## Your objective
Which lines hold the string "INTA"? Copy each of them from the material below.

## Available records
>>>

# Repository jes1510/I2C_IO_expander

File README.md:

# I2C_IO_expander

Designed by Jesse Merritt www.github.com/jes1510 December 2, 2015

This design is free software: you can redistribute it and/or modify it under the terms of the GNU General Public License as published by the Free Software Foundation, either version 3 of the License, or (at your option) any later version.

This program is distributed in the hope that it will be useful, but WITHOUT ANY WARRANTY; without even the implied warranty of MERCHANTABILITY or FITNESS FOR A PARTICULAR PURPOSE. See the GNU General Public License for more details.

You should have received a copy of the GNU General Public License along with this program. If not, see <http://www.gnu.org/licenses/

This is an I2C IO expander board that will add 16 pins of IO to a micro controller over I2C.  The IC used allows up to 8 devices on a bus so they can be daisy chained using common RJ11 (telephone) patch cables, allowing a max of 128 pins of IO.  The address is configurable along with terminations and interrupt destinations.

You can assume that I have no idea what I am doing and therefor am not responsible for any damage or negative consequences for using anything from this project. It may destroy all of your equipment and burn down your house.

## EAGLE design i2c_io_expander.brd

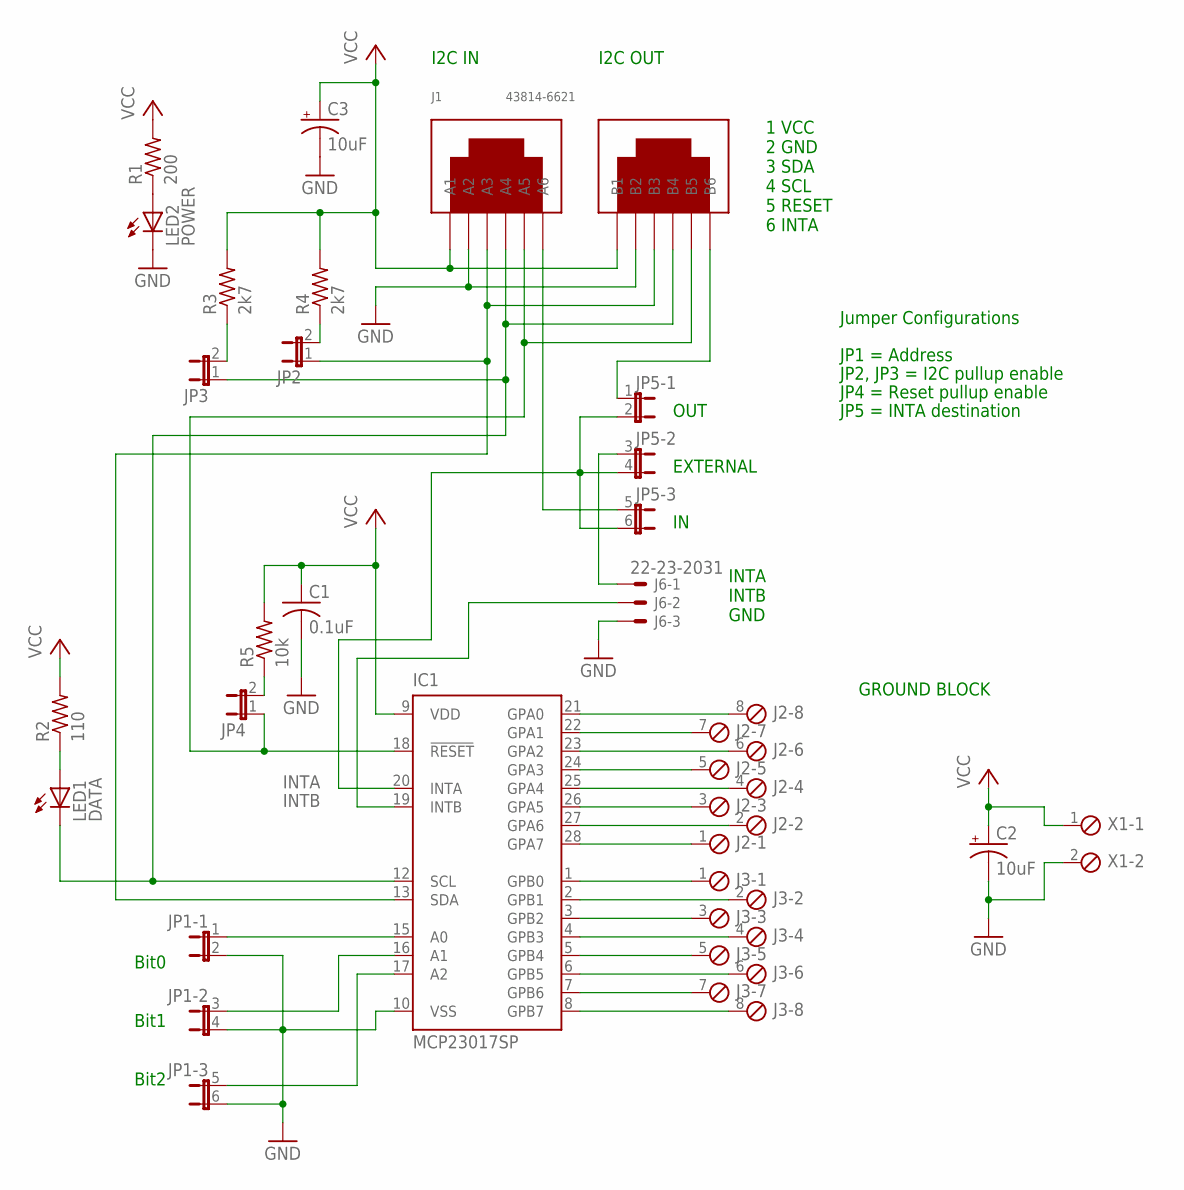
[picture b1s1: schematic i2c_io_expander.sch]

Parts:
C1: 0.1uF; C025-025X050
C2, C3: 10uF; E5-6
IC1: MCP23017SP; DIL28-3
J1: 43814-6621; MPN 43814-6621
J2, J3: MPT8; 8POL254; MPN 1725711
J6: 22-23-2031
JP1, JP5: JP3QE; JP3Q
JP2, JP3, JP4: JP1E; JP1
LED1: DATA; SMARTLED-TTW
LED2: POWER; SMARTLED-TTW
R1: 200; R0603
R2: 110; R0603
R3, R4: 2k7; R0603
R5: 10k; R0603
X1: MPT2; 2POL254

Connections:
GND: C1.2, C2.-, C3.-, IC1.10 (VSS), J1.A2, J1.B2, J6.3, JP1.2, JP1.4 (2), JP1.6 (2), LED2.C@1 (C), X1.2
INTA: IC1.20 (INTA), JP5.2, JP5.4 (2), JP5.6 (2)
INTB: IC1.19 (INTB), J6.2
unnamed: IC1.15 (A0), JP1.1
unnamed: IC1.16 (A1), JP1.3 (1)
unnamed: IC1.17 (A2), JP1.5 (1)
unnamed: LED2.A@1 (A), R1.1
unnamed: J1.B6, JP5.1
unnamed: JP3.2, R3.1
unnamed: JP4.2, R5.1
unnamed: J6.1, JP5.3 (1)
unnamed: JP2.2, R4.1
unnamed: LED1.A@1 (A), R2.1
unnamed: IC1.28 (GPA7), J2.1
unnamed: IC1.27 (GPA6), J2.2
unnamed: IC1.26 (GPA5), J2.3
unnamed: J1.A6, JP5.5 (1)
unnamed: IC1.25 (GPA4), J2.4
unnamed: IC1.24 (GPA3), J2.5
unnamed: IC1.23 (GPA2), J2.6
unnamed: IC1.22 (GPA1), J2.7
unnamed: IC1.21 (GPA0), J2.8
unnamed: IC1.1 (GPB0), J3.1
unnamed: IC1.2 (GPB1), J3.2
unnamed: IC1.3 (GPB2), J3.3
unnamed: IC1.4 (GPB3), J3.4
unnamed: IC1.5 (GPB4), J3.5
unnamed: IC1.6 (GPB5), J3.6
unnamed: IC1.7 (GPB6), J3.7
unnamed: IC1.8 (GPB7), J3.8
RESET: IC1.18 (!RESET), J1.A5, J1.B5, JP4.1
SCL: IC1.12 (SCL), J1.A4, J1.B4, JP3.1, LED1.C@1 (C)
SDA: IC1.13 (SDA), J1.A3, J1.B3, JP2.1
VCC: C1.1, C2.+, C3.+, IC1.9 (VDD), J1.A1, J1.B1, R1.2, R2.2, R3.2, R4.2, R5.2, X1.1

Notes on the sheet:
JP4 = Reset pullup enable
1 VCC 2 GND 3 SDA 4 SCL 5 RESET 6 INTA
I2C IN
I2C OUT
OUT
EXTERNAL
JP2, JP3 = I2C pullup enable
JP1 = Address
JP5 = INTA destination
Jumper Configurations
INTA INTB GND
Bit0 Bit1 Bit2
GROUND BLOCK

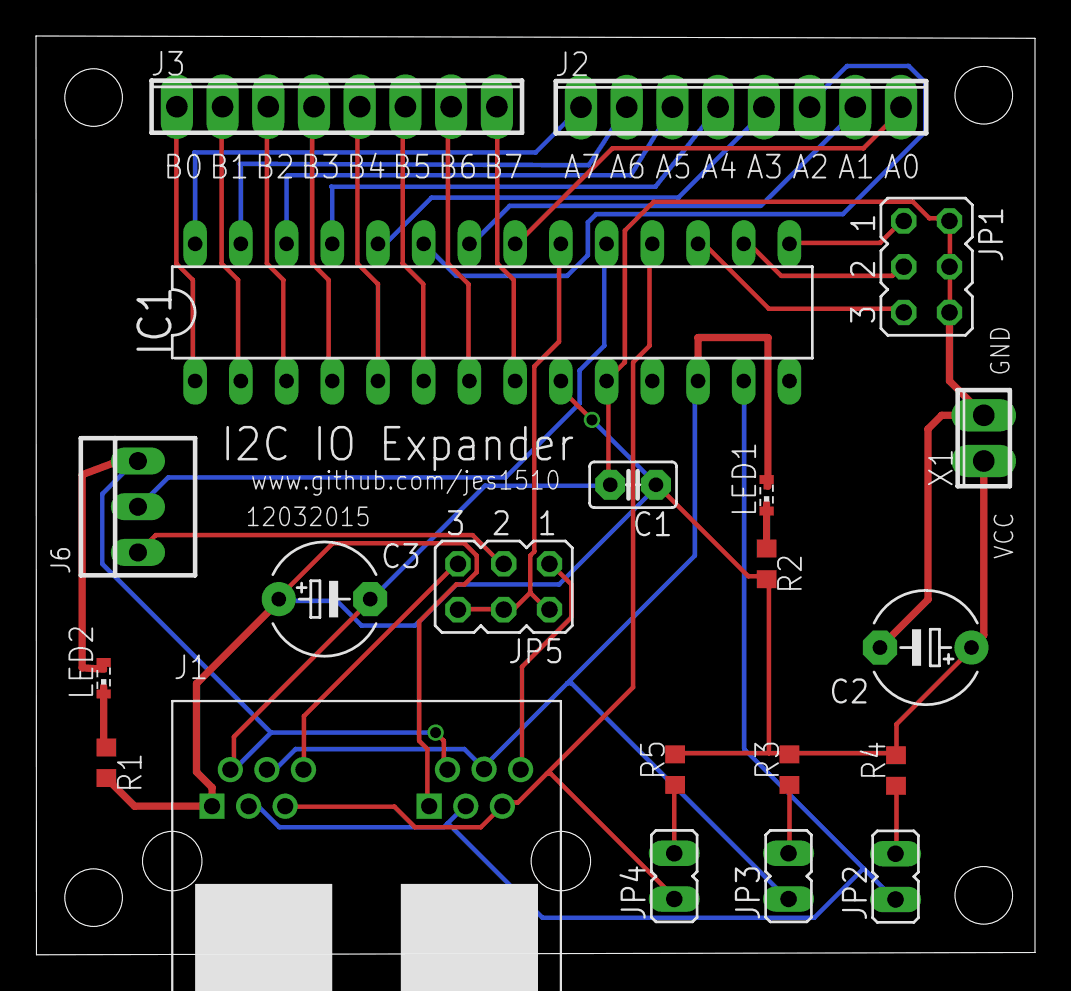
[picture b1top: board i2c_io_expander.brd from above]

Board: 2 copper layers, 55.5 x 51.0 mm, 21 parts (0 on the bottom side), 34 nets.

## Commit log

2015-12-03 Removed the gerb274x.cam file that was accidentally included in initial commit
2015-12-03 Added contact info and rev # to silkscreen Added VCC and GND designator to silkscreen
2015-12-05 added RJ11 datasheet
2015-12-27 Added title block Added additional text to claify jumper settings

<<<

## Response area
INTA: IC1.20 (INTA), JP5.2, JP5.4 (2), JP5.6 (2)
1 VCC 2 GND 3 SDA 4 SCL 5 RESET 6 INTA
JP5 = INTA destination
INTA INTB GND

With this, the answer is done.